#### MATERIAL FOR THE TASK:
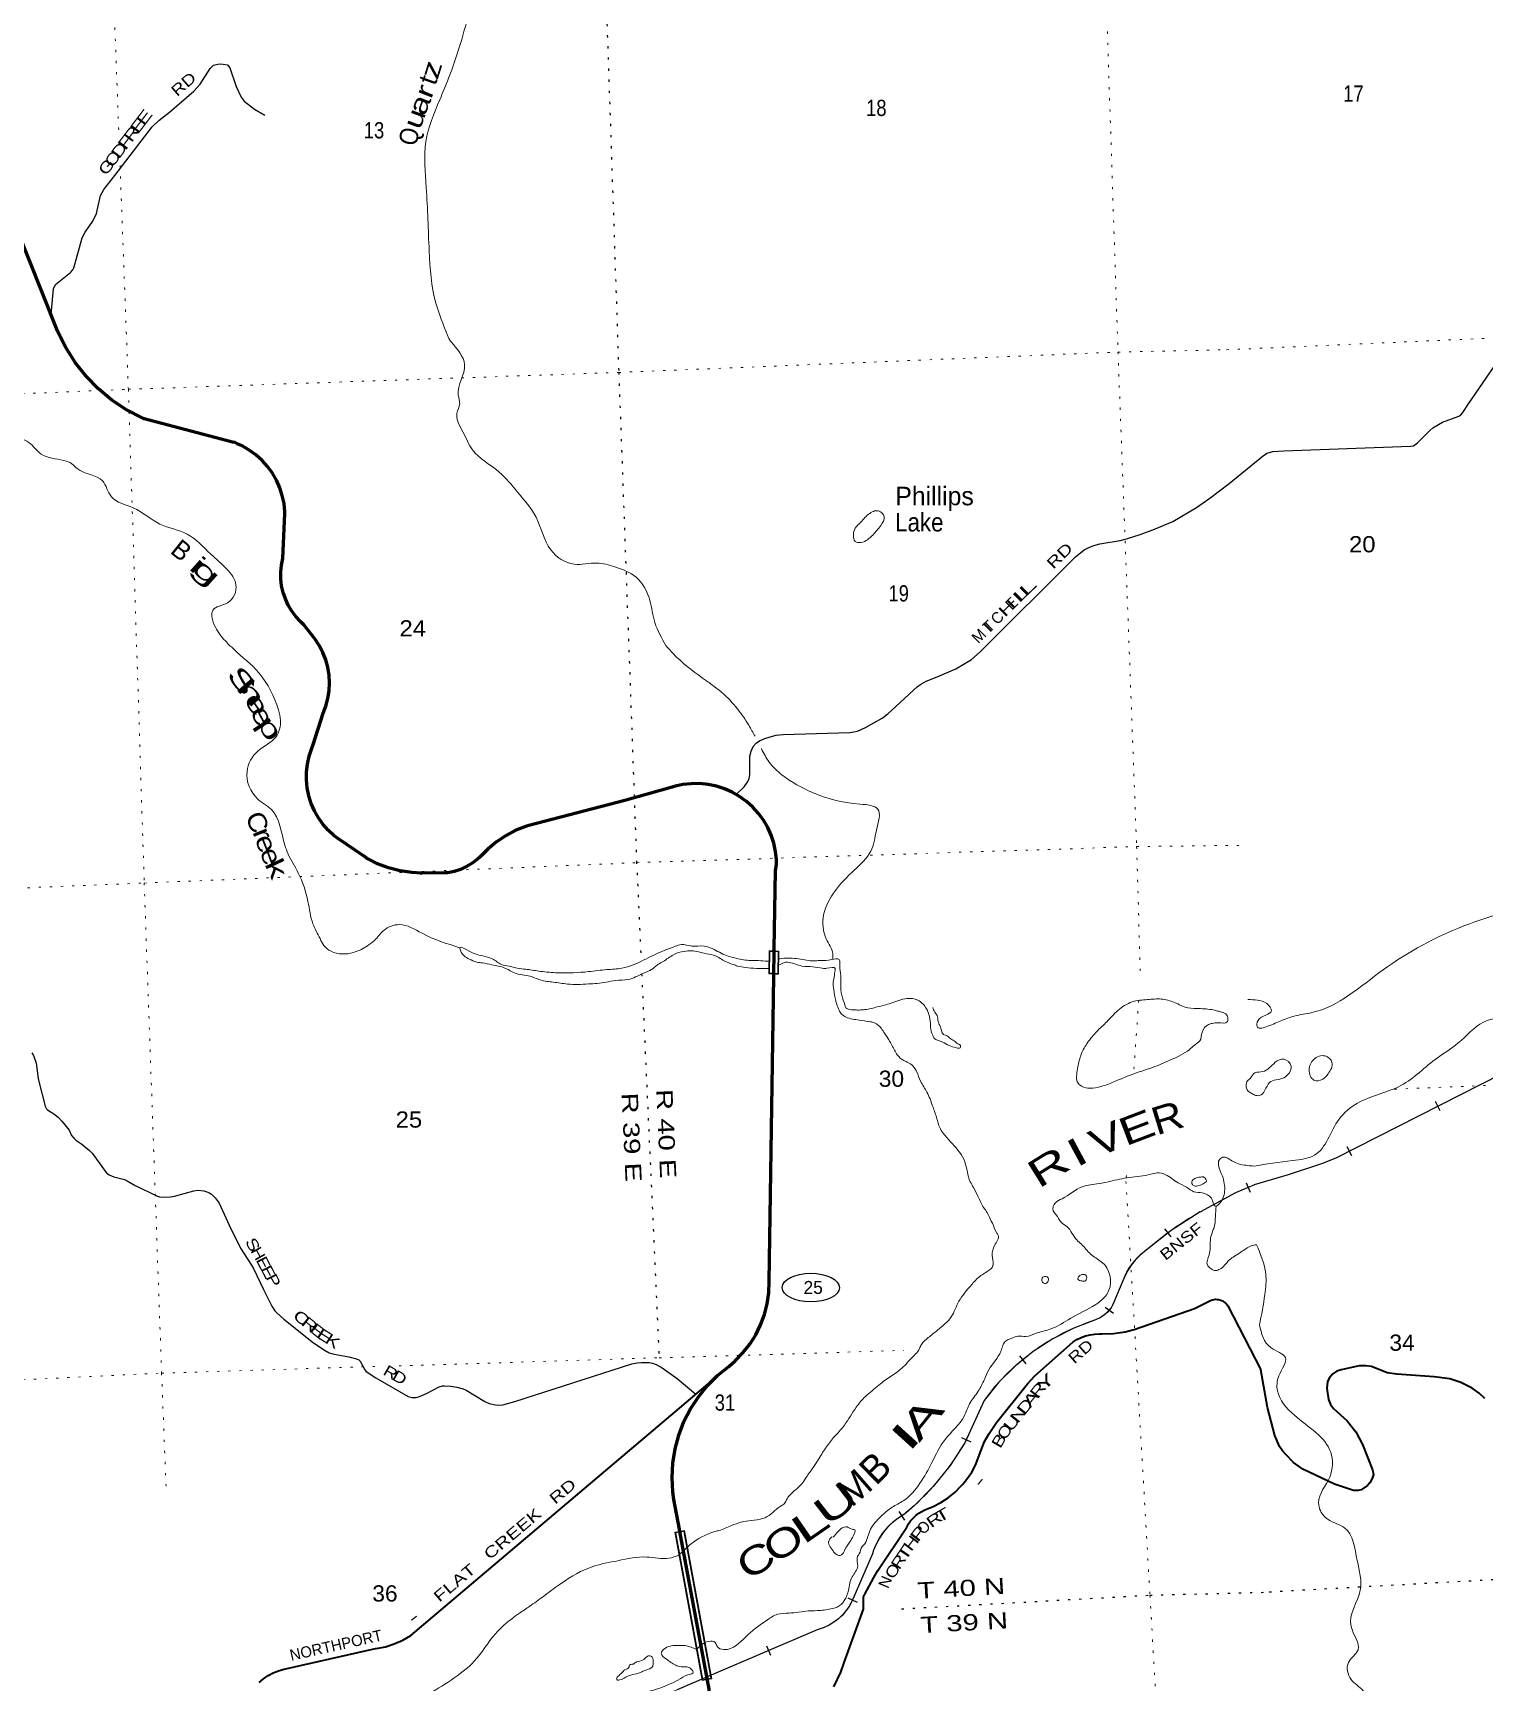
# Model space of a CAD drawing. Header units: feet. Extents: x 727543 to 978287, y 379550 to 572970.
# Drawn here: x 775841 to 791505, y 536033 to 553844 of the extents above; entities that cross this region are included whole.
import ezdxf
from ezdxf.enums import TextEntityAlignment as Align

# ---------------------------------------------------------------- set-up
doc = ezdxf.new("R2010")
doc.units = ezdxf.units.FT
doc.header["$LTSCALE"] = 80
doc.linetypes.add('DOTTED', pattern=[1.5, 0.3, -1.2])
for name, color, linetype, lineweight in [('17', 7, 'Continuous', 25), ('23', 7, 'Continuous', 70), ('26', 7, 'Continuous', 40), ('29', 7, 'Continuous', 25), ('34', 7, 'Continuous', 25), ('39', 7, 'Continuous', 13), ('59', 7, 'Continuous', 13), ('6', 7, 'DOTTED', 25), ('7', 7, 'DOTTED', 13)]:
    doc.layers.add(name, color=color, linetype=linetype, lineweight=lineweight)
for name, color, linetype in [('27', 7, 'Continuous'), ('30', 7, 'Continuous'), ('41', 7, 'Continuous')]:
    doc.layers.add(name, color=color, linetype=linetype)

msp = doc.modelspace()

# ---------------------------------------------------------------- linework, layer by layer
at = {"layer": '17'}
msp.add_ellipse((784237.41, 540292.69), major_axis=(309.24, -1), ratio=0.500121, dxfattribs=at)
at = {"layer": '23'}
for points in [[(778560.21, 548672.18), (778551.02, 548760.36), (778532.66, 548847.1), (778505.33, 548931.44), (778469.34, 549012.47), (778425.07, 549089.29), (778373.02, 549161.06), (778313.75, 549227), (778247.91, 549286.38), (778176.22, 549338.56), (778099.48, 549382.95), (778043.51, 549407.92), (778018.51, 549419.08), (777993.51, 549425.66), (777042.76, 549675.88), (777019.66, 549686.27), (776851.31, 549774.34), (776693.09, 549879.53), (776546.74, 550000.68), (776413.84, 550136.47), (776295.87, 550285.4), (776194.12, 550445.85), (776109.69, 550616.05), (775631.46, 551818.04)], [(783843.53, 543929.43), (783843.9, 543953.44), (783857.08, 544794.56), (783868.43, 544867.81), (783867.14, 544911.52), (783857.37, 545002.38), (783838.17, 545091.73), (783809.73, 545178.57), (783772.36, 545261.97), (783726.49, 545341.01), (783672.6, 545414.82), (783611.3, 545482.59), (783543.25, 545543.58), (783469.19, 545597.13), (783389.94, 545642.64), (783306.37, 545679.61), (783219.39, 545707.65), (783129.96, 545726.45), (783039.05, 545735.79), (782947.67, 545735.58), (782856.8, 545725.82), (782790.44, 545711.55), (782761.53, 545705.34), (782740.44, 545698.89), (782229.69, 545552.94), (781193.06, 545285.5), (781167.53, 545277.18), (781054.83, 545232.3), (780947.43, 545175.88), (780846.52, 545108.55), (780753.2, 545031.03), (780668.5, 544944.19), (780640.86, 544920.08), (780582.75, 544876.93), (780520.44, 544840.1), (780454.62, 544809.99), (780386.02, 544786.91), (780338.36, 544776.27), (780315.02, 544771.06), (780288.36, 544771.08), (780028.44, 544770.5), (780034.57, 544768.71), (779930.55, 544774.57), (779804.12, 544793.84), (779680.4, 544826.22), (779560.74, 544871.36), (779469.45, 544917.21), (779439.88, 544932.07), (779419.45, 544947.2), (779129.02, 545145.47), (779092.63, 545173.81), (779028.88, 545232.24), (778971.59, 545297.02), (778921.39, 545367.44), (778878.82, 545442.71), (778844.35, 545522.03), (778818.36, 545604.51), (778801.14, 545689.26), (778792.86, 545775.34), (778793.63, 545861.82), (778803.44, 545947.74), (778822.17, 546032.16), (778848, 546109.3), (778864.34, 546159.3), (778974.49, 546497.17), (779003.54, 546574.22), (779025.08, 546656.09), (779037.94, 546739.77), (779041.98, 546824.33), (779037.17, 546908.85), (779023.54, 546992.4), (779001.26, 547074.07), (778970.56, 547152.97), (778931.78, 547228.22), (778885.35, 547299.01), (778766.35, 547452.35), (778729.58, 547485.73), (778679.2, 547540.21), (778634.78, 547599.66), (778596.83, 547663.43), (778565.75, 547730.81), (778541.88, 547801.08), (778525.49, 547873.45), (778516.76, 547947.14), (778515.77, 548021.34), (778522.55, 548095.24), (778537.01, 548168.02), (778561, 548652.43), (778560.21, 548672.18)], [(783180.87, 539293.2), (783231.04, 539343.3), (783351.6, 539440.79), (783421.8, 539500.88), (783505.23, 539586.9), (783579.21, 539681.17), (783642.94, 539782.66), (783695.71, 539890.25), (783736.94, 540002.78), (783766.18, 540118.99), (783783.12, 540237.62), (783787.56, 540357.38), (783839.2, 543653.39), (783843.53, 543929.43)], [(782926.44, 535256.47), (782971.65, 535312.85), (783024.14, 535394.55), (783067.8, 535481.28), (783102.16, 535572.1), (783126.83, 535666.01), (783141.56, 535761.99), (783146.17, 535858.98), (783140.62, 535955.92), (782823.95, 537659.3), (782819.56, 537682.72), (782759.68, 538002.47), (782748.21, 538088.05), (782740.2, 538242.89), (782748.42, 538397.71), (782772.78, 538550.82), (782813.01, 538700.56), (782868.67, 538845.26), (782939.16, 538983.35), (783023.69, 539113.32), (783121.34, 539233.75), (783180.87, 539293.2)]]:
    msp.add_lwpolyline(points, dxfattribs=at)
at = {"layer": '26'}
for points in [[(784488.1, 535981.28), (784561.23, 536140.02), (784598.92, 536244.53), (784805.42, 536818.72), (784807.43, 536818.8), (784808.18, 536931.4), (784808.25, 536954.23), (784822.45, 536981.4), (784917.32, 537162.96), (784963.27, 537237.34), (785272.88, 537704.13), (785292.17, 537739.38), (785315.03, 537772.43), (785341.23, 537802.9), (785370.46, 537830.47), (785402.42, 537854.83), (785436.75, 537875.72), (785469.85, 537891.56), (785558.5, 537926.64), (785643, 537970.8), (785722.42, 538023.55), (785795.9, 538084.31), (785862.61, 538152.42), (785877.58, 538169.83), (785930.11, 538232.71), (785975.78, 538300.75), (786014.09, 538373.18), (786044.62, 538449.22), (786057.37, 538490.14), (786114.03, 538631.96), (786163.77, 538717.28), (786241.93, 538834.59), (786577.95, 539254.13), (786657.57, 539339.37), (787068.09, 539703.41), (787111.12, 539730.66), (787156.75, 539753.27), (787204.5, 539770.98), (787253.85, 539783.6), (787304.24, 539791), (787355.12, 539793.09), (787381.99, 539792.04), (787507.01, 539797.82), (787630.75, 539816.64), (787729.72, 539841.48), (788379.89, 540068.14), (788546.48, 540151.26), (788561.14, 540157.4), (788576.37, 540161.97), (788591.98, 540164.92), (788607.82, 540166.23), (788623.72, 540165.87), (788639.48, 540163.86), (788654.95, 540160.2), (788669.95, 540154.95), (788684.33, 540148.16), (788697.91, 540139.91), (788710.56, 540130.28), (788722.13, 540119.38), (788732.49, 540107.33), (788740.58, 540095.81), (789097.88, 539404.64)], [(791514.85, 539093.78), (791453.39, 539152.62), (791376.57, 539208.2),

#### BRIEF:
Scan the material above for the string "dxfattribs". Return each line where it occurs.

#### ANSWER FOR THIS EXERCISE:
msp.add_ellipse((784237.41, 540292.69), major_axis=(309.24, -1), ratio=0.500121, dxfattribs=at)
    msp.add_lwpolyline(points, dxfattribs=at)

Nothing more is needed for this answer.